Sacramento families can help save foods soon to become extinct. Sacramento is a city focused on sustainability. Here’s how to start. What foods in Sacramento do you think are in danger of extinction?
You might begin by looking at the US Ark of Taste. It’s a catalog of over 200 delicious foods in danger of extinction. By promoting and eating Ark products you can help ensure they remain in production and on the world’s plates. For example, you can make an effort to save one cherished food product at a time.
Try something so inexpensive and simple as highly nutritious tepary beans, great for helping to prevent type 2 diabetes due to the high fiber and other qualities of these southwest area beans used as a dietary stapble in the pre-Columbian southwest. What 200 foods in Sacramento and surrounding areas are in danger of extinction because people have forgotten about how nutritious they are, how healthy, and how tasty–just because they may not be familiar, fast-food, or in the usual standard ‘Western’ diet.
They are the foods that create a balanced but slightly more ‘alkaline’ environment in your mouth and bloodstream. How can you save foods soon to become extinct both in Sacramento and in the third world without leaving your neighborhood? You can help bring solar cookers to those who need them–people without electricity who rely on the sun to cook food. Think of how sunny Sacramento summers are, for example. Now think of other countries that can benefit from solar cookers in areas without electricity.
Solar Cookers International (in Sacramento) (zero carbon cooking) launched an online campaign last year on Nov. 24, 2009 with a video where people can make a fifty-dollar donation that will allow SCI to provide one of the neediest families on earth with a Solar Cookit system and necessary training.
Donors of the $50 CooKit systems will receive certificates showing a woman with a solar cooker next to the large pile of wood that will not have to be gathered or burned as a result of the tax deductible carbon offset contribution. Check out the video at the Solar Cookers International (SCI) website.
Two billion of the world’s poorest people cook on open fires. During the past few years, climatologists have discovered that the toxic “black carbon” smoke from these fires is one of the planet’s leading causes of global warming. It is also the most easily avoidable. Solar cooking is a simple, safe way to cook food without needing to acquire and burn fossil fuels. That’s one way of telling the media what’s important about culture in Sacramento–using solar cookers.
It’s one more step in the fight against diseases due to not having adequate nutrition for various health treatments to work properly. What can you do by letting your local media know of what needs to be done to improve sustainability in Sacramento or anywhere else?

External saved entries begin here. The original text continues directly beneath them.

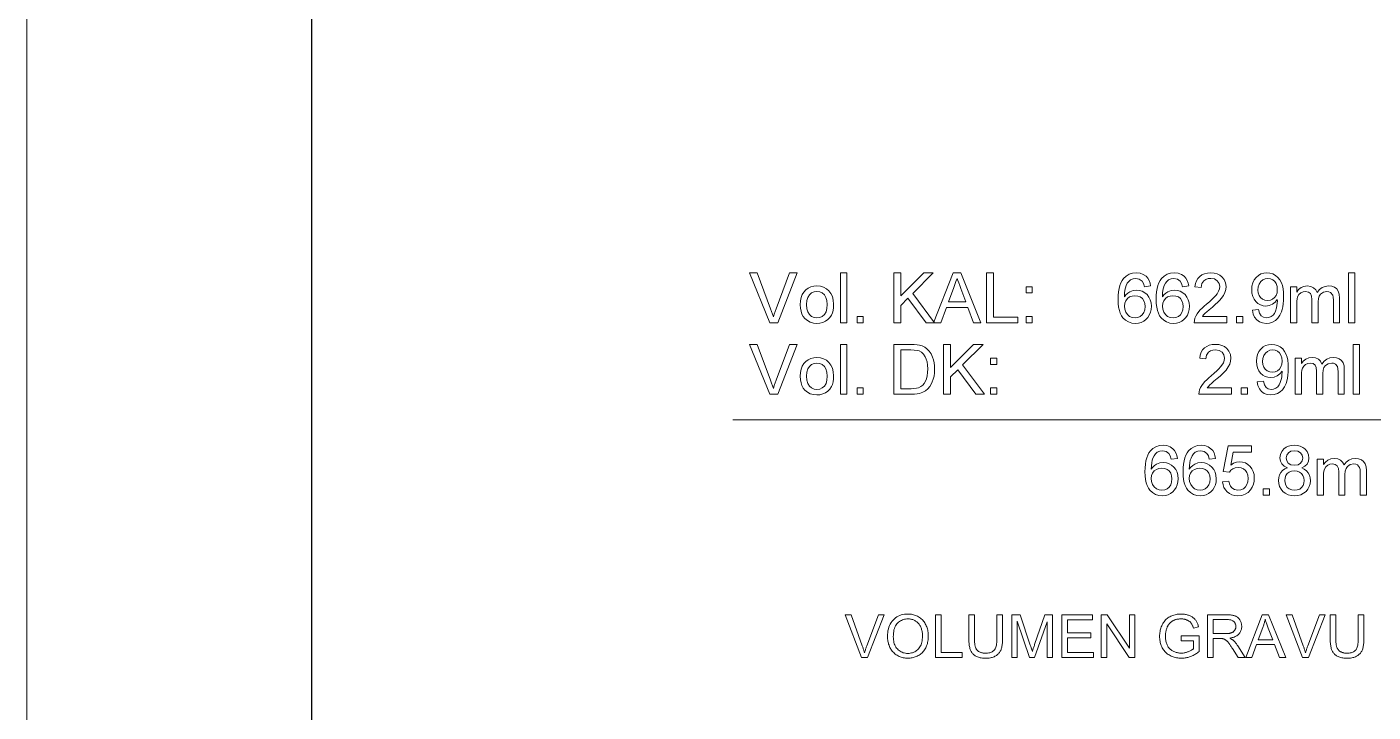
# Model space of a CAD drawing. Extents: x 0 to 297, y 0 to 420.
# Drawn here: x 0 to 94.5, y 48.1 to 96.2 of the extents above; entities that cross this region are included whole.
import ezdxf

# ---------------------------------------------------------------- set-up
doc = ezdxf.new("R2010")
doc.units = 0

msp = doc.modelspace()

# ---------------------------------------------------------------- linework, layer by layer
at = {"color": 7, "lineweight": 13}
msp.add_line((0, 0), (0, 420), dxfattribs=at)
at = {"color": 7, "lineweight": 30}
msp.add_line((20, 5), (20, 415), dxfattribs=at)
at = {"color": 7, "lineweight": 18}
msp.add_line((49.571, 68.641), (133.654, 68.641), dxfattribs=at)
at = {"color": 7, "lineweight": 13}
for points in [[(52.168, 75.472), (50.761, 78.972), (51.282, 78.972), (52.233, 76.453), (52.305, 76.255), (52.369, 76.066), (52.425, 75.885), (52.482, 76.075), (52.546, 76.264), (52.615, 76.453), (53.567, 78.972), (54.089, 78.972), (52.733, 75.472)], [(57.139, 75.472), (57.139, 78.972), (57.576, 78.972), (57.576, 75.472)], [(60.882, 75.472), (60.882, 78.972), (61.368, 78.972), (61.368, 77.351), (62.989, 78.972), (63.652, 78.972), (62.21, 77.531), (63.75, 75.472), (63.155, 75.472), (61.871, 77.19), (61.368, 76.688), (61.368, 75.472)], [(63.673, 75.472), (65.061, 78.972), (65.598, 78.972), (66.986, 75.472), (66.472, 75.472), (66.08, 76.542), (64.579, 76.542), (64.187, 75.472)], [(64.723, 76.931), (65.936, 76.931), (65.59, 77.875), (65.513, 78.084), (65.444, 78.272), (65.383, 78.439), (65.33, 78.583), (65.251, 78.37), (65.172, 78.154), (65.092, 77.935)], [(67.403, 75.472), (67.403, 78.972), (67.889, 78.972), (67.889, 75.861), (69.591, 75.861), (69.591, 75.472)], [(78.924, 78.049), (78.486, 78), (78.417, 78.231), (78.322, 78.389), (78.126, 78.535), (77.888, 78.583), (77.687, 78.557), (77.499, 78.477), (77.385, 78.371), (77.286, 78.238), (77.2, 78.076), (77.148, 77.928), (77.11, 77.749), (77.086, 77.538), (77.077, 77.294), (77.189, 77.437), (77.316, 77.554), (77.459, 77.643), (77.69, 77.728), (77.932, 77.757), (78.14, 77.737), (78.333, 77.678), (78.509, 77.579), (78.669, 77.44), (78.802, 77.27), (78.897, 77.077), (78.954, 76.861), (78.973, 76.621), (78.957, 76.407), (78.909, 76.203), (78.829, 76.008), (78.721, 75.834), (78.59, 75.69), (78.435, 75.574), (78.26, 75.491), (78.071, 75.44), (77.866, 75.424), (77.607, 75.448), (77.374, 75.522), (77.165, 75.644), (76.981, 75.816), (76.877, 75.961), (76.791, 76.134), (76.725, 76.335), (76.677, 76.565), (76.649, 76.823), (76.639, 77.109), (76.647, 77.386), (76.67, 77.64), (76.709, 77.871), (76.763, 78.081), (76.833, 78.268), (76.919, 78.432), (77.02, 78.574), (77.2, 78.748), (77.41, 78.873), (77.648, 78.947), (77.915, 78.972), (78.178, 78.945), (78.407, 78.863), (78.603, 78.727), (78.723, 78.593), (78.817, 78.435), (78.884, 78.253)], [(81.598, 78.049), (81.16, 78), (81.09, 78.231), (80.996, 78.389), (80.799, 78.535), (80.562, 78.583), (80.361, 78.557), (80.173, 78.477), (80.059, 78.371), (79.959, 78.238), (79.873, 78.076), (79.821, 77.928), (79.783, 77.749), (79.76, 77.538), (79.75, 77.294), (79.862, 77.437), (79.99, 77.554), (80.132, 77.643), (80.363, 77.728), (80.606, 77.757), (80.814, 77.737), (81.006, 77.678), (81.182, 77.579), (81.342, 77.44), (81.475, 77.27), (81.57, 77.077), (81.627, 76.861), (81.646, 76.621), (81.63, 76.407), (81.582, 76.203), (81.503, 76.008), (81.395, 75.834), (81.264, 75.69), (81.108, 75.574), (80.934, 75.491), (80.744, 75.44), (80.539, 75.424), (80.281, 75.448), (80.047, 75.522), (79.839, 75.644), (79.655, 75.816), (79.55, 75.961), (79.465, 76.134), (79.398, 76.335), (79.351, 76.565), (79.322, 76.823), (79.313, 77.109), (79.321, 77.386), (79.344, 77.64), (79.383, 77.871), (79.437, 78.081), (79.507, 78.268), (79.592, 78.432), (79.693, 78.574), (79.874, 78.748), (80.084, 78.873), (80.322, 78.947), (80.589, 78.972), (80.852, 78.945), (81.081, 78.863), (81.276, 78.727), (81.397, 78.593), (81.491, 78.435), (81.558, 78.253)], [(84.271, 75.91), (84.271, 75.472), (81.986, 75.472), (81.996, 75.628), (82.034, 75.778), (82.101, 75.938), (82.191, 76.095), (82.302, 76.249), (82.406, 76.367), (82.531, 76.493), (82.678, 76.625), (82.848, 76.765), (83.057, 76.947), (83.236, 77.112), (83.386, 77.26), (83.506, 77.39), (83.596, 77.503), (83.701, 77.675), (83.764, 77.843), (83.785, 78.007), (83.74, 78.231), (83.607, 78.417), (83.401, 78.542), (83.142, 78.583), (82.953, 78.565), (82.791, 78.509), (82.657, 78.416), (82.52, 78.216), (82.473, 77.951), (82.035, 78), (82.073, 78.223), (82.141, 78.418), (82.24, 78.585), (82.37, 78.724), (82.528, 78.832), (82.711, 78.91), (82.918, 78.957), (83.151, 78.972), (83.385, 78.955), (83.594, 78.903), (83.777, 78.816), (83.934, 78.694), (84.094, 78.494), (84.191, 78.265), (84.223, 78.005), (84.203, 77.798), (84.144, 77.595), (84.04, 77.388), (83.885, 77.17), (83.777, 77.048), (83.637, 76.907), (83.464, 76.746), (83.258, 76.565), (83.032, 76.377), (82.865, 76.234), (82.755, 76.136), (82.646, 76.023), (82.557, 75.91)], [(86.07, 76.347), (86.507, 76.396), (86.579, 76.131), (86.696, 75.951), (86.855, 75.847), (87.053, 75.813), (87.232, 75.834), (87.393, 75.896), (87.526, 75.995), (87.623, 76.121), (87.696, 76.287), (87.761, 76.504), (87.795, 76.668), (87.815, 76.837), (87.822, 77.012), (87.82, 77.097), (87.673, 76.912), (87.481, 76.766), (87.258, 76.671), (87.017, 76.639), (86.816, 76.659), (86.631, 76.718), (86.463, 76.817), (86.31, 76.955), (86.184, 77.125), (86.093, 77.321), (86.039, 77.542), (86.021, 77.787), (86.04, 78.041), (86.097, 78.269), (86.193, 78.471), (86.326, 78.647), (86.488, 78.789), (86.67, 78.891), (86.87, 78.952), (87.091, 78.972), (87.306, 78.952), (87.508, 78.891), (87.697, 78.79), (87.866, 78.651), (88.005, 78.477), (88.114, 78.269), (88.177, 78.082), (88.222, 77.856), (88.248, 77.593), (88.257, 77.291), (88.252, 77.036), (88.234, 76.802), (88.206, 76.59), (88.166, 76.399), (88.115, 76.231), (88.004, 75.989), (87.863, 75.788), (87.691, 75.63), (87.493, 75.515), (87.273, 75.447), (87.031, 75.424), (86.78, 75.451), (86.562, 75.531), (86.376, 75.666), (86.229, 75.849), (86.127, 76.076)], [(87.82, 77.797), (87.8, 78.022), (87.739, 78.213), (87.638, 78.371), (87.504, 78.489), (87.344, 78.56), (87.159, 78.583), (86.967, 78.558), (86.799, 78.482), (86.656, 78.355), (86.546, 78.187), (86.481, 77.99), (86.459, 77.762), (86.479, 77.558), (86.542, 77.381), (86.645, 77.232), (86.784, 77.118), (86.951, 77.05), (87.148, 77.028), (87.332, 77.05), (87.493, 77.118), (87.631, 77.232), (87.736, 77.385), (87.799, 77.574)], [(92.827, 75.472), (92.827, 78.972), (93.264, 78.972), (93.264, 75.472)], [(54.319, 76.736), (54.334, 77.001), (54.381, 77.236), (54.457, 77.443), (54.565, 77.621), (54.703, 77.77), (54.873, 77.892), (55.06, 77.979), (55.265, 78.031), (55.487, 78.049), (55.732, 78.027), (55.954, 77.964), (56.152, 77.858), (56.327, 77.709), (56.469, 77.523), (56.571, 77.305), (56.632, 77.055), (56.652, 76.772), (56.643, 76.542), (56.616, 76.338), (56.571, 76.161), (56.508, 76.009), (56.397, 75.838), (56.257, 75.694), (56.088, 75.577), (55.899, 75.492), (55.699, 75.441), (55.487, 75.424), (55.238, 75.445), (55.014, 75.508), (54.815, 75.614), (54.642, 75.762), (54.525, 75.909), (54.435, 76.08), (54.371, 76.275), (54.332, 76.493)], [(54.757, 76.737), (54.78, 76.454), (54.849, 76.223), (54.964, 76.043), (55.115, 75.915), (55.289, 75.838), (55.487, 75.813), (55.684, 75.838), (55.857, 75.915), (56.007, 76.044), (56.123, 76.226), (56.192, 76.461), (56.215, 76.751), (56.192, 77.025), (56.122, 77.251), (56.006, 77.429), (55.856, 77.557), (55.683, 77.634), (55.487, 77.66), (55.289, 77.634), (55.115, 77.558), (54.964, 77.43), (54.849, 77.251), (54.78, 77.02)], [(70.174, 77.563), (70.174, 78), (70.611, 78), (70.611, 77.563)], [(88.743, 75.472), (88.743, 78), (89.181, 78), (89.181, 77.619), (89.316, 77.794), (89.488, 77.931), (89.694, 78.019), (89.925, 78.049), (90.174, 78.018), (90.373, 77.927), (90.522, 77.782), (90.619, 77.589), (90.782, 77.79), (90.968, 77.934), (91.176, 78.02), (91.407, 78.049), (91.641, 78.026), (91.835, 77.956), (91.991, 77.841), (92.104, 77.678), (92.172, 77.465), (92.195, 77.202), (92.195, 75.472), (91.757, 75.472), (91.757, 77.046), (91.747, 77.264), (91.715, 77.411), (91.564, 77.591), (91.445, 77.643), (91.307, 77.66), (91.063, 77.616), (90.864, 77.485), (90.766, 77.345), (90.707, 77.158), (90.688, 76.924), (90.688, 75.472), (90.25, 75.472), (90.25, 77.095), (90.224, 77.342), (90.146, 77.518), (90.008, 77.624), (89.804, 77.66), (89.631, 77.636), (89.471, 77.566), (89.339, 77.45), (89.25, 77.29), (89.211, 77.152), (89.189, 76.978), (89.181, 76.768), (89.181, 75.472)], [(77.077, 76.631), (77.102, 76.42), (77.177, 76.217), (77.293, 76.043), (77.444, 75.916), (77.624, 75.838), (77.832, 75.813), (78.028, 75.836), (78.197, 75.908), (78.34, 76.026), (78.448, 76.186), (78.513, 76.38), (78.535, 76.608), (78.514, 76.827), (78.449, 77.012), (78.342, 77.165), (78.198, 77.278), (78.022, 77.345), (77.815, 77.368), (77.62, 77.345), (77.445, 77.278), (77.292, 77.165), (77.172, 77.015), (77.101, 76.837)], [(79.75, 76.631), (79.775, 76.42), (79.85, 76.217), (79.967, 76.043), (80.117, 75.916), (80.298, 75.838), (80.506, 75.813), (80.701, 75.836), (80.87, 75.908), (81.013, 76.026), (81.122, 76.186), (81.187, 76.38), (81.209, 76.608), (81.187, 76.827), (81.123, 77.012), (81.016, 77.165), (80.872, 77.278), (80.696, 77.345), (80.489, 77.368), (80.293, 77.345), (80.119, 77.278), (79.965, 77.165), (79.846, 77.015), (79.774, 76.837)], [(58.305, 75.472), (58.305, 75.91), (58.743, 75.91), (58.743, 75.472)], [(70.174, 75.472), (70.174, 75.91), (70.611, 75.91), (70.611, 75.472)], [(84.952, 75.472), (84.952, 75.91), (85.389, 75.91), (85.389, 75.472)], [(52.168, 70.447), (50.761, 73.947), (51.282, 73.947), (52.233, 71.427), (52.305, 71.23), (52.369, 71.041), (52.425, 70.86), (52.482, 71.049), (52.546, 71.238), (52.615, 71.427), (53.567, 73.947), (54.089, 73.947), (52.733, 70.447)], [(57.139, 70.447), (57.139, 73.947), (57.576, 73.947), (57.576, 70.447)], [(60.882, 70.447), (60.882, 73.947), (62.076, 73.947), (62.325, 73.941), (62.531, 73.924), (62.694, 73.896), (62.883, 73.838), (63.053, 73.754), (63.203, 73.646), (63.371, 73.475), (63.508, 73.276), (63.614, 73.048), (63.673, 72.859), (63.716, 72.658), (63.741, 72.443), (63.75, 72.216), (63.739, 71.96), (63.709, 71.724), (63.657, 71.509), (63.59, 71.315), (63.511, 71.145), (63.421, 70.999), (63.27, 70.819), (63.105, 70.682), (62.915, 70.58), (62.69, 70.506), (62.521, 70.473), (62.335, 70.453), (62.133, 70.447)], [(64.382, 70.447), (64.382, 73.947), (64.868, 73.947), (64.868, 72.326), (66.489, 73.947), (67.152, 73.947), (65.71, 72.505), (67.25, 70.447), (66.655, 70.447), (65.371, 72.164), (64.868, 71.662), (64.868, 70.447)], [(84.604, 70.884), (84.604, 70.447), (82.319, 70.447), (82.329, 70.603), (82.367, 70.753), (82.434, 70.913), (82.523, 71.07), (82.635, 71.224), (82.738, 71.342), (82.864, 71.467), (83.011, 71.599), (83.18, 71.739), (83.39, 71.922), (83.569, 72.087), (83.719, 72.234), (83.839, 72.365), (83.929, 72.477), (84.034, 72.649), (84.097, 72.817), (84.118, 72.981), (84.073, 73.205), (83.939, 73.391), (83.734, 73.516), (83.474, 73.558), (83.286, 73.539), (83.124, 73.483), (82.989, 73.39), (82.852, 73.19), (82.805, 72.926), (82.368, 72.974), (82.405, 73.198), (82.474, 73.393), (82.573, 73.559), (82.703, 73.698), (82.861, 73.807), (83.043, 73.884), (83.251, 73.931), (83.484, 73.947), (83.718, 73.929), (83.927, 73.877), (84.11, 73.79), (84.267, 73.669), (84.427, 73.469), (84.523, 73.239), (84.555, 72.98), (84.536, 72.773), (84.477, 72.569), (84.373, 72.362), (84.217, 72.144), (84.11, 72.023), (83.97, 71.881), (83.797, 71.72), (83.591, 71.54), (83.365, 71.352), (83.197, 71.209), (83.088, 71.111), (82.978, 70.998), (82.89, 70.884)], [(86.402, 71.322), (86.84, 71.37), (86.912, 71.106), (87.029, 70.925), (87.188, 70.821), (87.386, 70.787), (87.564, 70.808), (87.725, 70.871), (87.859, 70.969), (87.955, 71.095), (88.029, 71.261), (88.094, 71.478), (88.128, 71.642), (88.148, 71.812), (88.155, 71.986), (88.152, 72.071), (88.006, 71.887), (87.814, 71.741), (87.591, 71.645), (87.35, 71.613), (87.149, 71.633), (86.964, 71.692), (86.795, 71.791), (86.643, 71.929), (86.516, 72.1), (86.426, 72.295), (86.372, 72.516), (86.354, 72.762), (86.373, 73.016), (86.43, 73.244), (86.525, 73.445), (86.659, 73.621), (86.821, 73.764), (87.002, 73.865), (87.203, 73.926), (87.423, 73.947), (87.638, 73.926), (87.84, 73.865), (88.03, 73.764), (88.198, 73.625), (88.337, 73.452), (88.447, 73.244), (88.51, 73.056), (88.554, 72.83), (88.581, 72.567), (88.59, 72.266), (88.584, 72.01), (88.567, 71.776), (88.539, 71.564), (88.499, 71.374), (88.448, 71.205), (88.337, 70.963), (88.196, 70.763), (88.024, 70.604), (87.825, 70.49), (87.605, 70.421), (87.364, 70.398), (87.113, 70.425), (86.894, 70.506), (86.709, 70.64), (86.561, 70.824), (86.459, 71.051)], [(93.159, 70.447), (93.159, 73.947), (93.597, 73.947), (93.597, 70.447)], [(54.319, 71.71), (54.334, 71.975), (54.381, 72.211), (54.457, 72.417), (54.565, 72.595), (54.703, 72.744), (54.873, 72.866), (55.06, 72.953), (55.265, 73.006), (55.487, 73.023), (55.732, 73.002), (55.954, 72.938), (56.152, 72.832), (56.327, 72.683), (56.469, 72.498), (56.571, 72.279), (56.632, 72.029), (56.652, 71.746), (56.643, 71.517), (56.616, 71.313), (56.571, 71.135), (56.508, 70.983), (56.397, 70.812), (56.257, 70.668), (56.088, 70.552), (55.899, 70.466), (55.699, 70.415), (55.487, 70.398), (55.238, 70.419), (55.014, 70.482), (54.815, 70.588), (54.642, 70.736), (54.525, 70.883), (54.435, 71.054), (54.371, 71.249), (54.332, 71.468)], [(61.368, 70.835), (62.093, 70.835), (62.301, 70.843), (62.477, 70.865), (62.621, 70.901), (62.792, 70.98), (62.926, 71.086), (63.024, 71.21), (63.107, 71.361), (63.174, 71.537), (63.224, 71.739), (63.254, 71.968), (63.264, 72.223), (63.253, 72.487), (63.22, 72.718), (63.165, 72.916), (63.088, 73.083), (62.963, 73.261), (62.822, 73.395), (62.664, 73.485), (62.519, 73.525), (62.325, 73.55), (62.082, 73.558), (61.368, 73.558)], [(67.687, 72.537), (67.687, 72.974), (68.125, 72.974), (68.125, 72.537)], [(88.152, 72.772), (88.132, 72.996), (88.072, 73.187), (87.971, 73.345), (87.836, 73.463), (87.677, 73.534), (87.492, 73.558), (87.3, 73.532), (87.132, 73.456), (86.988, 73.329), (86.879, 73.162), (86.813, 72.964), (86.791, 72.737), (86.812, 72.533), (86.874, 72.356), (86.978, 72.206), (87.117, 72.093), (87.284, 72.025), (87.48, 72.002), (87.665, 72.025), (87.826, 72.093), (87.963, 72.206), (88.068, 72.36), (88.131, 72.548)], [(89.076, 70.447), (89.076, 72.974), (89.514, 72.974), (89.514, 72.594), (89.648, 72.769), (89.821, 72.905), (90.026, 72.994), (90.258, 73.023), (90.507, 72.993), (90.706, 72.902), (90.855, 72.757), (90.952, 72.563), (91.115, 72.765), (91.3, 72.908), (91.509, 72.994), (91.74, 73.023), (91.973, 73), (92.168, 72.931), (92.324, 72.815), (92.437, 72.652), (92.505, 72.439), (92.527, 72.176), (92.527, 70.447), (92.09, 70.447), (92.09, 72.02), (92.08, 72.239), (92.048, 72.386), (91.897, 72.566), (91.778, 72.617), (91.64, 72.634), (91.396, 72.59), (91.197, 72.459), (91.099, 72.319), (91.04, 72.132), (91.021, 71.898), (91.021, 70.447), (90.583, 70.447), (90.583, 72.07), (90.557, 72.316), (90.479, 72.493), (90.341, 72.599), (90.137, 72.634), (89.964, 72.611), (89.804, 72.54), (89.672, 72.424), (89.582, 72.265), (89.544, 72.126), (89.521, 71.952), (89.514, 71.742), (89.514, 70.447)], [(54.757, 71.711), (54.78, 71.428), (54.849, 71.197), (54.964, 71.017), (55.115, 70.889), (55.289, 70.812), (55.487, 70.787), (55.684, 70.813), (55.857, 70.89), (56.007, 71.019), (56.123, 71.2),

Provide renewable resources in any way you choose. In a world of scarcity, violence goes down when there’s no more fighting over fuel, food, or access to healthcare. That applies to local neighborhoods in urban areas, rural enclaves, and well as villages in far-away locations.
Maybe it’s time to look to Slow Food USA ® projects or an attitude of caring and taking an interest in the numerous links to nutrition, hunger, and similar projects, since some Sacramento areas have fast food eateries on nearly every corner. How about alerting the media in your area to what slow food can do to save numerous foods from becoming extinct? Make a list of what foods you think will soon be extinct in Sacramento? What would help sustainability here?